▶ [TASK DIRECTIONS] Retype, exactly as they stand, the lines from the start of the data to the line that contains "line L2 (-5.6598, -0.9974)", both ends included. Leave the pictures out.
------------------------------------------------------------------------
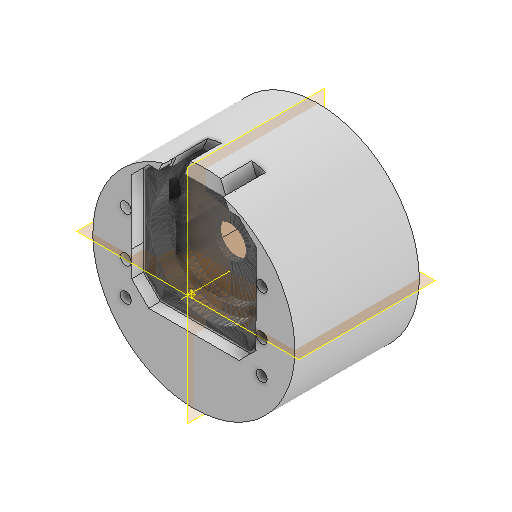
# Autodesk Inventor part: Pump_Base_Motor
Saved by Autodesk Inventor 2022 (Build 260153000, 153)
## iProperties
Created: 2022-11-30
Part Number: Pump_Base_Motor
Material: Generisch
Document SubType Name: Modeling
Designer: diederichbenedict
Density: 1 g/cm^3
Appearance: Vorgabe
Author: diederichbenedict
Autodesk Inventor part; units mm, degrees
note: some values were not read from the file. Chosen so that the rebuilt part matches the saved one: offset side.
ref_plane "XY Plane" through (0, 0, 0) normal (0, 0, 1) x (1, 0, 0)
sketch "Skizze1" plane through (-82.898, -113.257, 0) normal (0, 0, -1) x (-1, 0, 0)
  ellipse E0 centre (-5.6597, 2.5025) end of major axis (-3.7004, 3.2582) minor radius 2.1
  ellipse E1 centre (29.3402, 2.5025) end of major axis (31.2996, 3.2582) minor radius 2.1
  circle A0 centre (-5.6597, 2.5025) radius 1.4
  circle A1 centre (29.3402, 2.5025) radius 1.4
  line L0 (-3.648, 21.791) -> (-3.648, -0.92)
  line L1 (27.352, -0.92) -> (27.352, 21.933)
  ellipse E2 centre (-5.6597, 2.5025) end of major axis (-8.9253, 1.2431) minor radius 3.5 (-5.6597, 6.0025) -> (-5.6598, -0.9974) ccw
  ellipse E3 centre (29.3402, 2.5025) end of major axis (32.6058, 3.762) minor radius 3.5 (32.8402, 2.5025) -> (29.3403, 6.0025) ccw
  ellipse E4 centre (29.3402, 2.5025) end of major axis (32.6058, 3.762) minor radius 3.5 (29.3402, -0.9975) -> (32.8402, 2.5025) ccw
  line L2 (-5.6598, -0.9974) -> (-3.648, -0.92)
  line L3 (-5.6597, 6.0025) -> (-3.648, 6.0025)
  line L4 (29.3403, 6.0025) -> (27.352, 6.0025)
  line L5 (27.352, -0.92) -> (30.0724, -0.9201)
  line L6 (-3.6505, 21.7885) -> (0.568, 26.007)
  line L7 (23.278, 26.007) -> (27.355, 21.932)
  ellipse E5 centre (11.8414, 2.4996) end of major axis (-1.2208, -2.5382) minor radius 13.9999 (20.5913, -8.4291) -> (25.3968, -1.0004) ccw
  line L8 (27.352, -0.92) -> (23.278, -4.993)
  line L9 (0.426, -4.993) -> (-3.648, -0.92)
  line L10 (23.278, 26.007) -> (0.568, 26.007)
  line L11 (-3.6505, 21.7885) -> (-3.648, -0.92)
  line L12 (0.426, -4.993) -> (23.278, -4.993)
  line L13 (27.352, -0.92) -> (27.355, 21.932)
  ellipse E6 centre (11.8519, 3.9724) end of major axis (-12.4064, -5.3836) minor radius 25.9999 (37.8497, 4.307) -> (-0.2097, 27.0053) ccw
  circle A2 centre (11.8519, 3.9724) radius 26
  point P0 (-82.898, 113.257)
  point P1 (27.352, 3.1784)
  point P2 (27.352, 1.8266)
  point P3 (-3.648, 1.9001)
  point P4 (-3.648, 3.105)
  point P5 (-3.6488, 6.0025)
  point P6 (27.3529, 6.0025)
extrude "Extrusion1" add sketch "Skizze1" against normal blind 8 contours E0 L0 | E0 L0 L2 E2 L3 | L1 E1 L4 E3 E4 L5 | L1 E1 | A2 E6 picked at (-3.8519, 2.5026) picked at (27.5482, 2.5026)
sketch "Skizze3" plane through (-94.7499, -109.2846, 0) normal (0, 0, -1) x (-1, 0, 0)
  circle A0 centre (0, 0) radius 26 projected
  line L0 (8.7207, -12.3528) -> (8.7206, -19.924) projected
  line L1 (-8.7794, -19.924) -> (8.7206, -19.924) projected
  line L2 (-8.7794, -19.924) -> (-8.7793, -12.3528) projected
  ellipse E0 centre (-0.032, -1.4169) end of major axis (-13.0942, -6.4548) minor radius 13.9999 projected
  line L3 (-9.2793, -12.3528) -> (-9.2794, -20.424)
  line L4 (-9.2794, -20.424) -> (9.2206, -20.424)
  line L5 (9.2206, -20.424) -> (9.2207, -12.3528)
  line L6 (-13.567, 2.0301) -> (-17.5116, 2.0301) projected
  ellipse E1 centre (-17.5116, -1.4699) end of major axis (-20.7771, -2.7294) minor radius 3.5 (-17.5116, 2.0301) -> (-17.5116, -4.9699) ccw projected
  line L7 (-17.5116, -4.9699) -> (-13.5671, -4.9699) projected
  line L8 (17.4884, 2.03) -> (13.5438, 2.03) projected
  ellipse E2 centre (17.4884, -1.47) end of major axis (20.7539, -0.2105) minor radius 3.5 (20.9884, -1.47) -> (17.4884, 2.03) ccw projected
  ellipse E3 centre (17.4884, -1.47) end of major axis (20.7539, -0.2105) minor radius 3.5 (17.4884, -4.9699) -> (20.9884, -1.47) ccw projected
  line L9 (13.5438, -4.9699) -> (17.4884, -4.9699) projected
  line L10 (13.5438, -5.4699) -> (17.4884, -5.4699)
  line L11 (17.4884, 2.53) -> (13.5438, 2.53)
  line L12 (-13.567, 2.5301) -> (-17.5116, 2.5301)
  line L13 (-17.5116, -5.4699) -> (-13.5671, -5.4699)
  spline S0 degree 5 poles (-13.5607, -6.6347) (-12.2488, -10.0344) (-9.8719, -13.0248) (-6.5899, -15.1472) (0.8113, -17.0371) (7.9664, -14.3613) (11, -11.897) (15.084, -5.4414) (14.7507, 2.1899) (13.3442, 5.8368) (8.4668, 11.7155) (1.1057, 13.7569) (-2.797, 13.546) (-9.8958, 10.7242) (-14.1112, 4.3539) (-15.118, 0.5774) (-14.8714, -3.2345) (-13.5607, -6.6347) knots 0 0 0 0 0 0 0.2 0.2 0.2 0.4 0.4 0.4 0.6 0.6 0.6 0.8 0.8 0.8 1 1 1 1 1 1
  spline S1 degree 5 poles (17.4884, -5.4699) (18.1167, -5.47) (18.745, -5.3466) (19.341, -5.0998) (20.404, -4.3856) (21.1182, -3.3226) (21.365, -2.7266) (21.4884, -2.0983) (21.4884, -1.47) knots 0 0 0 0 0 0 0.5 0.5 0.5 1 1 1 1 1 1
  spline S2 degree 5 poles (21.4884, -1.47) (21.4884, -0.8416) (21.365, -0.2133) (21.1182, 0.3827) (20.404, 1.4456) (19.341, 2.1599) (18.745, 2.4066) (18.1167, 2.53) (17.4884, 2.53) knots 0 0 0 0 0 0 0.5 0.5 0.5 1 1 1 1 1 1
  spline S3 degree 5 poles (-17.5116, 2.5301) (-18.2237, 2.5301) (-18.9358, 2.3715) (-19.6009, 2.0547) (-21.0453, 0.9066) (-21.7037, -0.8783) (-21.7037, -2.0614) (-21.0453, -3.8464) (-19.6009, -4.9945) (-18.9358, -5.3113) (-18.2237, -5.4699) (-17.5116, -5.4699) knots 0 0 0 0 0 0 0.283333 0.283333 0.283333 0.716667 0.716667 0.716667 1 1 1 1 1 1
  point P0 (-94.7499, 109.2846)
  point P1 (-9.2793, -12.5855)
  point P2 (9.2207, -12.581)
  point P3 (13.89, -5.4699)
  point P4 (13.9204, 2.53)
  point P5 (-13.9845, 2.5301)
  point P6 (-13.9541, -5.4699)
  dimension "d4" = 0.5
  dimension "d5" = 0.5
  dimension "d6" = 0.5
  dimension "d7" = 0.5
  constraints: 14 end point, 6 point on line, 4 parallel, 22 other
  measures "d5" distance between parallel lines of L2 L3
  measures "d6" distance between parallel lines of L9 L10
  measures "d7" distance between parallel lines of L6 L12
ref_plane "Arbeitsebene1" through (-103.4705, -129.2086, -18.5626) normal (-0.001105, -0.0028651, 0.9999953) x (0.9999994, 0.0000016, 0.001105)
extrude "Extrusion2" add sketch "Skizze3" along normal blind 21
sketch "Skizze4" plane through (-94.7499, -109.2846, 8) normal (0, 0, 1) x (1, 0, 0)
  line L0 (-5.4471, 22.0346) -> (-6.7391, 18.9176) projected
  line L1 (-8.6961, 22.0346) -> (-12.197, 13.5825) projected
  line L2 (-15.5031, 17.9596) -> (-15.5011, 2.53) projected
  line L3 (-13.9205, 2.53) -> (-15.5011, 2.53) projected
  line L4 (15.5007, 2.5301) -> (13.9845, 2.5301) projected
  line L5 (15.5007, 2.5301) -> (15.5024, 17.8161) projected
  line L6 (15.5024, 17.8161) -> (11.2839, 22.0346) projected
  line L7 (11.2839, 22.0346) -> (-11.4261, 22.0346) projected
  line L8 (-11.4261, 22.0346) -> (-15.5031, 17.9596) projected
  line L9 (5.4339, 22.0346) -> (6.7219, 18.9276) projected
  line L10 (8.6829, 22.0346) -> (12.1573, 13.6483) projected
  line L11 (-8.6961, 22.0346) -> (-6.7659, 26.6912)
  line L12 (-6.7659, 26.6912) -> (-3.291, 27.2362)
  line L13 (-3.291, 27.2362) -> (-5.4471, 22.0346)
  line L14 (-8.6961, 22.0346) -> (-5.4471, 22.0346)
  line L15 (11.2839, 22.0346) -> (-11.4261, 22.0346) projected
  line L16 (5.4339, 22.0346) -> (3.2998, 27.1825)
  line L17 (3.2998, 27.1825) -> (6.55, 27.1825)
  line L18 (6.55, 27.1825) -> (8.6829, 22.0346)
  point P0 (94.7499, 109.2846)
  constraints: 14 end point, 4 collinear, 2 parallel, 1 other
extrude "Extrusion3" cut sketch "Skizze4" against normal up to surface (8 mm away)
sketch "Skizze5" plane through (-94.7499, -109.2846, -21) normal (0, 0, -1) x (-0.9330107, 0.3598486, 0)
  line L0 (7.393, -19.5794) -> (14.0269, -2.3795) projected
  line L1 (9.2521, -0.5379) -> (2.6182, -17.7379) projected
  line L2 (-13.4636, -11.5246) -> (-6.8359, 5.6595) projected
  line L3 (-11.6237, 7.5061) -> (-18.2515, -9.678) projected
  ellipse E0 centre (-7.4951, -21.5592) end of major axis (-4.3201, -21.5592) minor radius 3.175 (-8.5377, -24.5581) -> (-4.5153, -22.6553) ccw projected
  ellipse E1 centre (0, 0) end of major axis (-26, 0) minor radius 25.9999 (-16.1994, 20.3365) -> (-8.5377, -24.5581) ccw projected
  ellipse E2 centre (-14.2212, 17.8531) end of major axis (-17.3962, 17.8531) minor radius 3.175 (-11.5991, 19.6434) -> (-16.1994, 20.3365) ccw projected
  ellipse E3 centre (-8.915, 21.476) end of major axis (-5.665, 21.476) minor radius 3.25 (-11.5991, 19.6434) -> (-5.7222, 22.083) ccw projected
  ellipse E4 centre (-2.6031, 22.676) end of major axis (-5.7781, 22.676) minor radius 3.175 (-2.9652, 25.8302) -> (-5.7222, 22.083) ccw projected
  ellipse E5 centre (0, 0) end of major axis (-26, 0) minor radius 25.9999 (24.3766, -9.0431) -> (-2.9652, 25.8302) ccw projected
  ellipse E6 centre (21.3999, -7.9388) end of major axis (24.5749, -7.9388) minor radius 3.175 (20.3498, -10.9351) -> (24.3766, -9.0431) ccw projected
  ellipse E7 centre (19.2749, -14.0022) end of major axis (22.5249, -14.0022) minor radius 3.25 (20.3498, -10.9351) -> (16.6903, -15.9726) ccw projected
  ellipse E8 centre (14.1653, -17.8975) end of major axis (17.3403, -17.8975) minor radius 3.175 (16.1358, -20.3871) -> (16.6903, -15.9726) ccw projected
  ellipse E9 centre (0, 0) end of major axis (-26, 0) minor radius 25.9999 (5.4581, -25.4205) -> (16.1358, -20.3871) ccw projected
  ellipse E10 centre (4.7916, -22.3163) end of major axis (7.9666, -22.3163) minor radius 3.175 (1.6998, -23.0382) -> (5.4581, -25.4205) ccw projected
  ellipse E11 centre (-1.4651, -23.7773) end of major axis (1.7849, -23.7773) minor radius 3.25 (1.6998, -23.0382) -> (-4.5153, -22.6553) ccw projected
  ellipse E12 centre (11.6395, -1.4587) end of major axis (9.0807, -1.4587) minor radius 2.5588 (14.0269, -2.3795) -> (9.2521, -0.5379) ccw projected
  ellipse E13 centre (5.0056, -18.6586) end of major axis (7.5644, -18.6586) minor radius 2.5588 (2.6182, -17.7379) -> (7.393, -19.5794) ccw projected
  ellipse E14 centre (-9.2298, 6.5828) end of major axis (-11.7956, 6.5828) minor radius 2.5658 (-6.8359, 5.6595) -> (-11.6237, 7.5061) ccw projected
  ellipse E15 centre (-15.8575, -10.6013) end of major axis (-13.2917, -10.6013) minor radius 2.5658 (-18.2515, -9.678) -> (-13.4636, -11.5246) ccw projected
  ellipse E16 centre (12.7292, -15.6274) end of major axis (15.9792, -15.6274) minor radius 3.25 projected
  ellipse E17 centre (-12.7292, 15.6274) end of major axis (-9.4792, 15.6274) minor radius 3.25 projected
  ellipse E18 centre (-19.9262, -3.0327) end of major axis (-16.6762, -3.0327) minor radius 3.25 projected
  ellipse E19 centre (19.9262, 3.0327) end of major axis (23.1762, 3.0327) minor radius 3.25 projected
  point P0 (-49.0767, 136.0593)
  constraints: 16 other
hole "Bohrung1" at (-112.2499, -99.2846, -21) at (-112.2498, -119.2846, -21) at (-77.2499, -99.2846, -21) at (-77.2498, -119.2845, -21) direction (0, 0, 1) diameter 2.8 end through all counterbore diameter 6.5 counterbore depth 23
sketch "Skizze7" plane through (-82.898, -113.257, 8) normal (0, 0, 1) x (1, 0, 0)
  arc A0 (-19.3639, 28.8636) -> (-4.3543, 28.868) centre (-11.8519, 3.9724) ccw projected
  line L0 (-0.44, -5.0734) -> (3.6345, -0.9829) projected
  line L1 (-4.3543, 28.868) -> (-3.169, 26.007) projected
  line L2 (-3.169, 26.007) -> (-0.568, 26.007) projected
  line L3 (-0.568, 26.007) -> (3.6505, 21.7885) projected
  line L4 (3.6505, 21.7885) -> (3.6488, 6.0025) projected
  line L5 (3.6488, 6.0025) -> (3.648, 6.0025) projected
  line L6 (3.648, 6.0025) -> (3.648, -0.92) projected
  line L7 (3.648, -0.92) -> (-0.426, -4.993) projected
  line L8 (-0.426, -4.993) -> (-23.278, -4.993) projected
  line L9 (-23.278, -4.993) -> (-27.352, -0.92) projected
  line L10 (-27.352, -0.92) -> (-27.352, 6.0025) projected
  line L11 (-27.352, 6.0025) -> (-27.3529, 6.0025) projected
  line L12 (-27.3529, 6.0025) -> (-27.355, 21.932) projected
  line L13 (-27.355, 21.932) -> (-23.278, 26.007) projected
  line L14 (-23.278, 26.007) -> (-20.548, 26.007) projected
  line L15 (-20.548, 26.007) -> (-19.3639, 28.8636) projected
  arc A1 (-19.3639, 28.8636) -> (-4.3543, 28.868) centre (-11.8519, 3.9724) ccw projected
  circle A2 centre (-29.3402, 2.5025) radius 1.4 projected
  circle A3 centre (5.6597, 2.5025) radius 1.4 projected
  line L16 (-0.9329, 25.7138) -> (3.137, 21.6257)
  line L17 (3.137, 21.6257) -> (3.1345, -0.7763)
  line L18 (3.1345, -0.7763) -> (-0.7942, -4.7206)
  line L19 (-23.4851, -5.493) -> (-0.2189, -5.493)
  line L20 (-0.2189, -5.493) -> (4.148, -1.1271)
  line L21 (4.148, -1.1271) -> (4.148, 5.5025)
  line L22 (4.148, 5.5025) -> (4.1487, 5.5025)
  line L23 (4.1487, 5.5025) -> (4.1505, 21.9956)
  line L24 (4.1505, 21.9956) -> (-0.3609, 26.507)
  line L25 (-0.3609, 26.507) -> (-2.8349, 26.507)
  line L26 (-2.8349, 26.507) -> (-3.4776, 28.0582)
  arc A4 (-20.2412, 28.0529) -> (-3.4776, 28.0582) centre (-11.8519, 3.9724) ccw
  line L27 (-20.2412, 28.0529) -> (-20.882, 26.507)
  line L28 (-20.882, 26.507) -> (-23.485, 26.507)
  line L29 (-23.485, 26.507) -> (-27.855, 22.1392)
  line L30 (-27.855, 22.1392) -> (-27.8528, 5.5025)
  line L31 (-27.8528, 5.5025) -> (-27.852, 5.5025)
  line L32 (-27.852, 5.5025) -> (-27.852, -1.1271)
  line L33 (-27.852, -1.1271) -> (-23.4851, -5.493)
  line L34 (-3.4776, 28.0582) -> (-4.3543, 28.868)
  line L35 (-19.3639, 28.8636) -> (-20.548, 26.007) projected
  line L36 (-20.2412, 28.0529) -> (-19.3639, 28.8636)
  circle A5 centre (5.6597, 2.5025) radius 1.4 projected
  circle A6 centre (5.6481, 13.9724) radius 1.4 projected
  circle A7 centre (-29.3519, 13.9724) radius 1.4 projected
  circle A8 centre (-29.3402, 2.5025) radius 1.4 projected
  circle A9 centre (5.6482, -6.0275) radius 1.4 projected
  circle A10 centre (-29.3518, -6.0275) radius 1.4 projected
  point P0 (82.898, 113.257)
  dimension "d22" = 0.5
  constraints: 40 end point, 2 point on circle, 1 centre point, 15 other
  measures "d22" distance between parallel lines of L8 L19
extrude "Extrusion5" add sketch "Skizze7" along normal blind 3 contours L36 A4 L34 A0 | L27 L28 L29 L30 L32 L33 L19 L20 L21 L23 L24 L25 L26 A4
ref_plane "Arbeitsebene2" through (-94.7499, -109.2846, 11) normal (1, 0, 0) x (0, 1, 0)
ref_plane "Arbeitsebene3" through (-94.7499, -109.2846, 11) normal (0, 1, 0) x (-1, 0, 0)
------------------------------------------------------------------------
▶ [EXERCISE OUTPUT]
# Autodesk Inventor part: Pump_Base_Motor
Saved by Autodesk Inventor 2022 (Build 260153000, 153)
## iProperties
Created: 2022-11-30
Part Number: Pump_Base_Motor
Material: Generisch
Document SubType Name: Modeling
Designer: diederichbenedict
Density: 1 g/cm^3
Appearance: Vorgabe
Author: diederichbenedict
Autodesk Inventor part; units mm, degrees
note: some values were not read from the file. Chosen so that the rebuilt part matches the saved one: offset side.
ref_plane "XY Plane" through (0, 0, 0) normal (0, 0, 1) x (1, 0, 0)
sketch "Skizze1" plane through (-82.898, -113.257, 0) normal (0, 0, -1) x (-1, 0, 0)
  ellipse E0 centre (-5.6597, 2.5025) end of major axis (-3.7004, 3.2582) minor radius 2.1
  ellipse E1 centre (29.3402, 2.5025) end of major axis (31.2996, 3.2582) minor radius 2.1
  circle A0 centre (-5.6597, 2.5025) radius 1.4
  circle A1 centre (29.3402, 2.5025) radius 1.4
  line L0 (-3.648, 21.791) -> (-3.648, -0.92)
  line L1 (27.352, -0.92) -> (27.352, 21.933)
  ellipse E2 centre (-5.6597, 2.5025) end of major axis (-8.9253, 1.2431) minor radius 3.5 (-5.6597, 6.0025) -> (-5.6598, -0.9974) ccw
  ellipse E3 centre (29.3402, 2.5025) end of major axis (32.6058, 3.762) minor radius 3.5 (32.8402, 2.5025) -> (29.3403, 6.0025) ccw
  ellipse E4 centre (29.3402, 2.5025) end of major axis (32.6058, 3.762) minor radius 3.5 (29.3402, -0.9975) -> (32.8402, 2.5025) ccw
  line L2 (-5.6598, -0.9974) -> (-3.648, -0.92)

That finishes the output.